(Records excerpted from a collection)
--- START ---

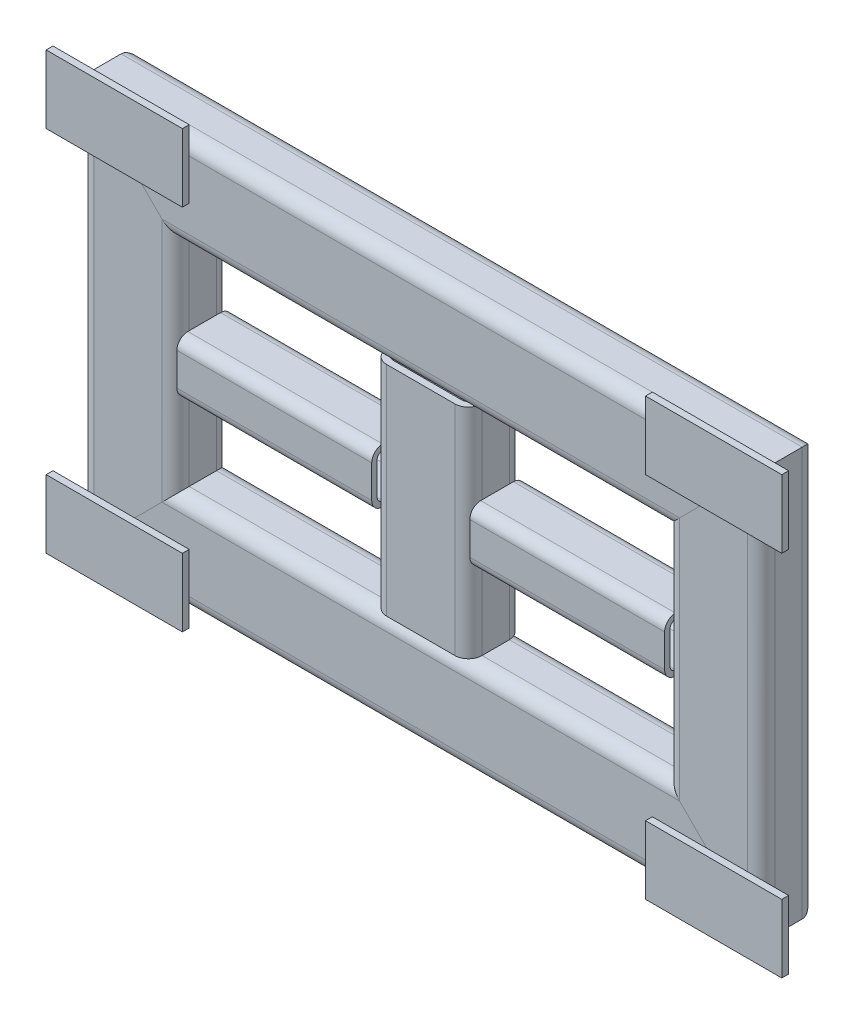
ISO-10303-21;
HEADER;
FILE_DESCRIPTION(('STEP AP214'),'2;1');
FILE_NAME('part.step','',(''),(''),'','','');
FILE_SCHEMA(('AUTOMOTIVE_DESIGN { 1 0 10303 214 1 1 1 1 }'));
ENDSEC;
DATA;
#1=APPLICATION_CONTEXT('core data for automotive mechanical design processes');
#2=APPLICATION_PROTOCOL_DEFINITION('international standard','automotive_design',2000,#1);
#3=PRODUCT_CONTEXT('',#1,'mechanical');
#4=PRODUCT('Part','Part','',(#3));
#5=PRODUCT_RELATED_PRODUCT_CATEGORY('part','',(#4));
#6=PRODUCT_DEFINITION_FORMATION('','',#4);
#7=PRODUCT_DEFINITION_CONTEXT('part definition',#1,'design');
#8=PRODUCT_DEFINITION('design','',#6,#7);
#9=PRODUCT_DEFINITION_SHAPE('','',#8);
#10=(LENGTH_UNIT() NAMED_UNIT(*) SI_UNIT(.MILLI.,.METRE.));
#11=(NAMED_UNIT(*) PLANE_ANGLE_UNIT() SI_UNIT($,.RADIAN.));
#12=(NAMED_UNIT(*) SI_UNIT($,.STERADIAN.) SOLID_ANGLE_UNIT());
#13=UNCERTAINTY_MEASURE_WITH_UNIT(LENGTH_MEASURE(1.E-05),#10,'distance_accuracy_value','');
#14=(GEOMETRIC_REPRESENTATION_CONTEXT(3) GLOBAL_UNCERTAINTY_ASSIGNED_CONTEXT((#13)) GLOBAL_UNIT_ASSIGNED_CONTEXT((#10,
#11,#12)) REPRESENTATION_CONTEXT('',''));
#15=CARTESIAN_POINT('',(0.,0.,0.));
#16=DIRECTION('',(0.,0.,1.));
#17=DIRECTION('',(1.,0.,0.));
#18=AXIS2_PLACEMENT_3D('',#15,#16,#17);
#19=CARTESIAN_POINT('',(270.,-160.,24.9999999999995));
#20=DIRECTION('',(-1.,0.,0.));
#21=DIRECTION('',(0.,-1.,0.));
#22=AXIS2_PLACEMENT_3D('',#19,#20,#21);
#23=PLANE('',#22);
#24=DIRECTION('',(0.,1.,0.));
#25=VECTOR('',#24,1.);
#26=CARTESIAN_POINT('',(270.,-160.,19.9999999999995));
#27=LINE('',#26,#25);
#28=CARTESIAN_POINT('',(270.,-160.,19.9999999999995));
#29=VERTEX_POINT('',#28);
#30=CARTESIAN_POINT('',(270.,-110.,19.9999999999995));
#31=VERTEX_POINT('',#30);
#32=EDGE_CURVE('E192',#29,#31,#27,.T.);
#33=ORIENTED_EDGE('',*,*,#32,.T.);
#34=DIRECTION('',(0.,0.,-1.));
#35=VECTOR('',#34,1.);
#36=CARTESIAN_POINT('',(270.,-110.,24.9999999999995));
#37=LINE('',#36,#35);
#38=CARTESIAN_POINT('',(270.,-110.,24.9999999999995));
#39=VERTEX_POINT('',#38);
#40=EDGE_CURVE('E13',#39,#31,#37,.T.);
#41=ORIENTED_EDGE('',*,*,#40,.F.);
#42=DIRECTION('',(0.,1.,0.));
#43=VECTOR('',#42,1.);
#44=CARTESIAN_POINT('',(270.,-160.,24.9999999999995));
#45=LINE('',#44,#43);
#46=CARTESIAN_POINT('',(270.,-160.,24.9999999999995));
#47=VERTEX_POINT('',#46);
#48=EDGE_CURVE('E179',#47,#39,#45,.T.);
#49=ORIENTED_EDGE('',*,*,#48,.F.);
#50=DIRECTION('',(0.,0.,-1.));
#51=VECTOR('',#50,1.);
#52=CARTESIAN_POINT('',(270.,-160.,24.9999999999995));
#53=LINE('',#52,#51);
#54=EDGE_CURVE('E184',#47,#29,#53,.T.);
#55=ORIENTED_EDGE('',*,*,#54,.T.);
#56=EDGE_LOOP('',(#33,#41,#49,#55));
#57=FACE_BOUND('',#56,.T.);
#58=ADVANCED_FACE('F124',(#57),#23,.F.);
#59=CARTESIAN_POINT('',(270.,-110.,24.9999999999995));
#60=DIRECTION('',(0.,-1.,0.));
#61=DIRECTION('',(0.,0.,1.));
#62=AXIS2_PLACEMENT_3D('',#59,#60,#61);
#63=PLANE('',#62);
#64=DIRECTION('',(-1.,0.,0.));
#65=VECTOR('',#64,1.);
#66=CARTESIAN_POINT('',(270.,-110.,19.9999999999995));
#67=LINE('',#66,#65);
#68=CARTESIAN_POINT('',(170.,-110.,19.9999999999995));
#69=VERTEX_POINT('',#68);
#70=EDGE_CURVE('E183',#31,#69,#67,.T.);
#71=ORIENTED_EDGE('',*,*,#70,.T.);
#72=DIRECTION('',(0.,0.,-1.));
#73=VECTOR('',#72,1.);
#74=CARTESIAN_POINT('',(170.,-110.,24.9999999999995));
#75=LINE('',#74,#73);
#76=CARTESIAN_POINT('',(170.,-110.,24.9999999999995));
#77=VERTEX_POINT('',#76);
#78=EDGE_CURVE('E132',#77,#69,#75,.T.);
#79=ORIENTED_EDGE('',*,*,#78,.F.);
#80=DIRECTION('',(-1.,0.,0.));
#81=VECTOR('',#80,1.);
#82=CARTESIAN_POINT('',(270.,-110.,24.9999999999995));
#83=LINE('',#82,#81);
#84=EDGE_CURVE('E166',#39,#77,#83,.T.);
#85=ORIENTED_EDGE('',*,*,#84,.F.);
#86=ORIENTED_EDGE('',*,*,#40,.T.);
#87=EDGE_LOOP('',(#71,#79,#85,#86));
#88=FACE_BOUND('',#87,.T.);
#89=ADVANCED_FACE('F182',(#88),#63,.F.);
#90=CARTESIAN_POINT('',(170.,-160.,24.9999999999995));
#91=DIRECTION('',(1.,0.,0.));
#92=DIRECTION('',(0.,0.,1.));
#93=AXIS2_PLACEMENT_3D('',#90,#91,#92);
#94=PLANE('',#93);
#95=DIRECTION('',(0.,-1.,0.));
#96=VECTOR('',#95,1.);
#97=CARTESIAN_POINT('',(170.,-160.,19.9999999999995));
#98=LINE('',#97,#96);
#99=CARTESIAN_POINT('',(170.,-160.,19.9999999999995));
#100=VERTEX_POINT('',#99);
#101=EDGE_CURVE('E189',#69,#100,#98,.T.);
#102=ORIENTED_EDGE('',*,*,#101,.T.);
#103=DIRECTION('',(0.,0.,-1.));
#104=VECTOR('',#103,1.);
#105=CARTESIAN_POINT('',(170.,-160.,24.9999999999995));
#106=LINE('',#105,#104);
#107=CARTESIAN_POINT('',(170.,-160.,24.9999999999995));
#108=VERTEX_POINT('',#107);
#109=EDGE_CURVE('E175',#108,#100,#106,.T.);
#110=ORIENTED_EDGE('',*,*,#109,.F.);
#111=DIRECTION('',(0.,-1.,0.));
#112=VECTOR('',#111,1.);
#113=CARTESIAN_POINT('',(170.,-160.,24.9999999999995));
#114=LINE('',#113,#112);
#115=EDGE_CURVE('E171',#77,#108,#114,.T.);
#116=ORIENTED_EDGE('',*,*,#115,.F.);
#117=ORIENTED_EDGE('',*,*,#78,.T.);
#118=EDGE_LOOP('',(#102,#110,#116,#117));
#119=FACE_BOUND('',#118,.T.);
#120=ADVANCED_FACE('F173',(#119),#94,.F.);
#121=CARTESIAN_POINT('',(270.,-160.,24.9999999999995));
#122=DIRECTION('',(0.,1.,0.));
#123=DIRECTION('',(0.,0.,-1.));
#124=AXIS2_PLACEMENT_3D('',#121,#122,#123);
#125=PLANE('',#124);
#126=DIRECTION('',(1.,0.,0.));
#127=VECTOR('',#126,1.);
#128=CARTESIAN_POINT('',(270.,-160.,19.9999999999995));
#129=LINE('',#128,#127);
#130=EDGE_CURVE('E156',#100,#29,#129,.T.);
#131=ORIENTED_EDGE('',*,*,#130,.T.);
#132=ORIENTED_EDGE('',*,*,#54,.F.);
#133=DIRECTION('',(1.,0.,0.));
#134=VECTOR('',#133,1.);
#135=CARTESIAN_POINT('',(270.,-160.,24.9999999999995));
#136=LINE('',#135,#134);
#137=EDGE_CURVE('E140',#108,#47,#136,.T.);
#138=ORIENTED_EDGE('',*,*,#137,.F.);
#139=ORIENTED_EDGE('',*,*,#109,.T.);
#140=EDGE_LOOP('',(#131,#132,#138,#139));
#141=FACE_BOUND('',#140,.T.);
#142=ADVANCED_FACE('F203',(#141),#125,.F.);
#143=CARTESIAN_POINT('',(0.,0.,24.9999999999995));
#144=DIRECTION('',(0.,0.,1.));
#145=DIRECTION('',(-1.,0.,0.));
#146=AXIS2_PLACEMENT_3D('',#143,#144,#145);
#147=PLANE('',#146);
#148=ORIENTED_EDGE('',*,*,#48,.T.);
#149=ORIENTED_EDGE('',*,*,#84,.T.);
#150=ORIENTED_EDGE('',*,*,#115,.T.);
#151=ORIENTED_EDGE('',*,*,#137,.T.);
#152=EDGE_LOOP('',(#148,#149,#150,#151));
#153=FACE_BOUND('',#152,.T.);
#154=ADVANCED_FACE('F177',(#153),#147,.T.);
#155=CARTESIAN_POINT('',(0.,0.,19.9999999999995));
#156=DIRECTION('',(0.,0.,1.));
#157=DIRECTION('',(-1.,0.,0.));
#158=AXIS2_PLACEMENT_3D('',#155,#156,#157);
#159=PLANE('',#158);
#160=ORIENTED_EDGE('',*,*,#32,.F.);
#161=ORIENTED_EDGE('',*,*,#130,.F.);
#162=ORIENTED_EDGE('',*,*,#101,.F.);
#163=ORIENTED_EDGE('',*,*,#70,.F.);
#164=EDGE_LOOP('',(#160,#161,#162,#163));
#165=FACE_BOUND('',#164,.T.);
#166=ADVANCED_FACE('F197',(#165),#159,.F.);
#167=CLOSED_SHELL('',(#58,#89,#120,#142,#154,#166));
#168=MANIFOLD_SOLID_BREP('B2',#167);
#169=CARTESIAN_POINT('',(-270.,-160.,24.9999999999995));
#170=DIRECTION('',(1.,0.,0.));
#171=DIRECTION('',(0.,-1.,0.));
#172=AXIS2_PLACEMENT_3D('',#169,#170,#171);
#173=PLANE('',#172);
#174=DIRECTION('',(0.,1.,0.));
#175=VECTOR('',#174,1.);
#176=CARTESIAN_POINT('',(-270.,-160.,19.9999999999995));
#177=LINE('',#176,#175);
#178=CARTESIAN_POINT('',(-270.,-160.,19.9999999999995));
#179=VERTEX_POINT('',#178);
#180=CARTESIAN_POINT('',(-270.,-110.,19.9999999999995));
#181=VERTEX_POINT('',#180);
#182=EDGE_CURVE('E309',#179,#181,#177,.T.);
#183=ORIENTED_EDGE('',*,*,#182,.F.);
#184=DIRECTION('',(0.,0.,-1.));
#185=VECTOR('',#184,1.);
#186=CARTESIAN_POINT('',(-270.,-160.,24.9999999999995));
#187=LINE('',#186,#185);
#188=CARTESIAN_POINT('',(-270.,-160.,24.9999999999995));
#189=VERTEX_POINT('',#188);
#190=EDGE_CURVE('E308',#189,#179,#187,.T.);
#191=ORIENTED_EDGE('',*,*,#190,.F.);
#192=DIRECTION('',(0.,1.,0.));
#193=VECTOR('',#192,1.);
#194=CARTESIAN_POINT('',(-270.,-160.,24.9999999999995));
#195=LINE('',#194,#193);
#196=CARTESIAN_POINT('',(-270.,-110.,24.9999999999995));
#197=VERTEX_POINT('',#196);
#198=EDGE_CURVE('E303',#189,#197,#195,.T.);
#199=ORIENTED_EDGE('',*,*,#198,.T.);
#200=DIRECTION('',(0.,0.,-1.));
#201=VECTOR('',#200,1.);
#202=CARTESIAN_POINT('',(-270.,-110.,24.9999999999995));
#203=LINE('',#202,#201);
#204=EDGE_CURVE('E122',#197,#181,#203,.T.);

--- END ---

Please write out, exactly as they appear above, only the lines in the stretch from the line with "#166=ADVANCED_FACE('F197',(#165),#159,.F.);" through the line with "#180=CARTESIAN_POINT('',(-270.,-110.,19.9999999999995));".

Result for this exercise
#166=ADVANCED_FACE('F197',(#165),#159,.F.);
#167=CLOSED_SHELL('',(#58,#89,#120,#142,#154,#166));
#168=MANIFOLD_SOLID_BREP('B2',#167);
#169=CARTESIAN_POINT('',(-270.,-160.,24.9999999999995));
#170=DIRECTION('',(1.,0.,0.));
#171=DIRECTION('',(0.,-1.,0.));
#172=AXIS2_PLACEMENT_3D('',#169,#170,#171);
#173=PLANE('',#172);
#174=DIRECTION('',(0.,1.,0.));
#175=VECTOR('',#174,1.);
#176=CARTESIAN_POINT('',(-270.,-160.,19.9999999999995));
#177=LINE('',#176,#175);
#178=CARTESIAN_POINT('',(-270.,-160.,19.9999999999995));
#179=VERTEX_POINT('',#178);
#180=CARTESIAN_POINT('',(-270.,-110.,19.9999999999995));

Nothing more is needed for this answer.